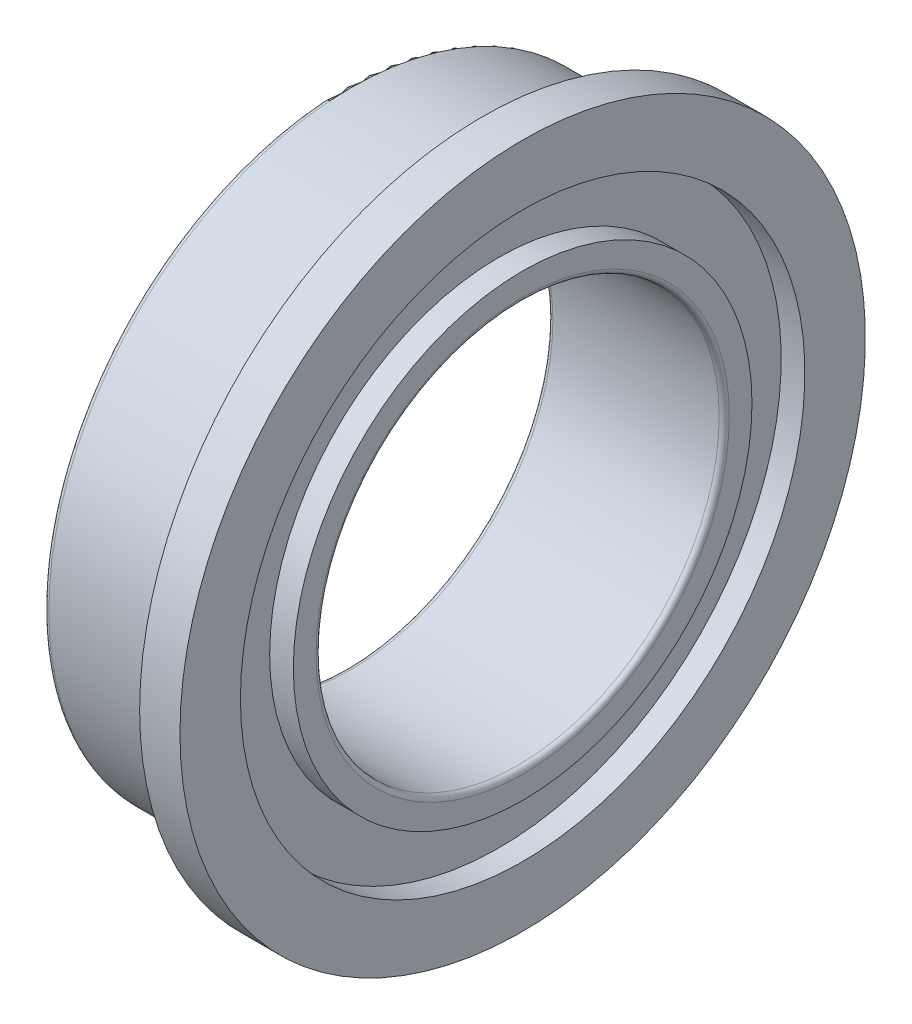
from build123d import *

# Parameters (mm, degrees)
FILLET1_R = 0.1


with BuildPart() as part:
    # Sketch1 → Revolve1 (revolve)
    with BuildSketch(Plane.XY, mode=Mode.PRIVATE) as revolve1_sk:
        with BuildLine():
            Line((0, 6.2), (0, 6.8))
            Line((0, 6.8), (0.8, 6.8))
            Line((0.8, 6.8), (0.8, 5.6))
            Line((0.8, 5.6), (0.33, 5.6))
            Line((0.33, 5.6), (0.33, 4.55))
            Line((0.33, 4.55), (0.8, 4.55))
            Line((0.8, 4.55), (0.8, 4))
            Line((0.8, 4), (-2.7, 4))
            Line((-2.7, 4), (-2.7, 4.55))
            Line((-2.7, 4.55), (-2.23, 4.55))
            Line((-2.23, 4.55), (-2.23, 5.6))
            Line((-2.23, 5.6), (-2.7, 5.6))
            Line((-2.7, 5.6), (-2.7, 6))
            Line((-2.7, 6), (-0.2, 6))
            ThreePointArc((-0.2, 6), (0.141421356, 5.858578644), (0, 6.2))
        make_face()
    revolve(revolve1_sk.sketch.rotate(Axis((-2.7, 0, 0), (1, 0, 0)), 90), axis=Axis((-2.7, 0, 0), (1, 0, 0)))

    # Fillet1
    fillet1_edges = [part.edges().sort_by_distance(p)[0] for p in [
        (0.8, 0, -4),
        (-2.7, 0, -4),
        (-2.7, 0, -6),
    ]]
    fillet(fillet1_edges, radius=FILLET1_R)


solid = part.part

┄┄┄┄┄┄

What is needed is a word-for-word restatement of the entries, minus any pictures.

from build123d import *

# Parameters (mm, degrees)
FILLET1_R = 0.1


with BuildPart() as part:
    # Sketch1 → Revolve1 (revolve)
    with BuildSketch(Plane.XY, mode=Mode.PRIVATE) as revolve1_sk:
        with BuildLine():
            Line((0, 6.2), (0, 6.8))
            Line((0, 6.8), (0.8, 6.8))
            Line((0.8, 6.8), (0.8, 5.6))
            Line((0.8, 5.6), (0.33, 5.6))
            Line((0.33, 5.6), (0.33, 4.55))
            Line((0.33, 4.55), (0.8, 4.55))
            Line((0.8, 4.55), (0.8, 4))
            Line((0.8, 4), (-2.7, 4))
            Line((-2.7, 4), (-2.7, 4.55))
            Line((-2.7, 4.55), (-2.23, 4.55))
            Line((-2.23, 4.55), (-2.23, 5.6))
            Line((-2.23, 5.6), (-2.7, 5.6))
            Line((-2.7, 5.6), (-2.7, 6))
            Line((-2.7, 6), (-0.2, 6))
            ThreePointArc((-0.2, 6), (0.141421356, 5.858578644), (0, 6.2))
        make_face()
    revolve(revolve1_sk.sketch.rotate(Axis((-2.7, 0, 0), (1, 0, 0)), 90), axis=Axis((-2.7, 0, 0), (1, 0, 0)))

    # Fillet1
    fillet1_edges = [part.edges().sort_by_distance(p)[0] for p in [
        (0.8, 0, -4),
        (-2.7, 0, -4),
        (-2.7, 0, -6),
    ]]
    fillet(fillet1_edges, radius=FILLET1_R)


solid = part.part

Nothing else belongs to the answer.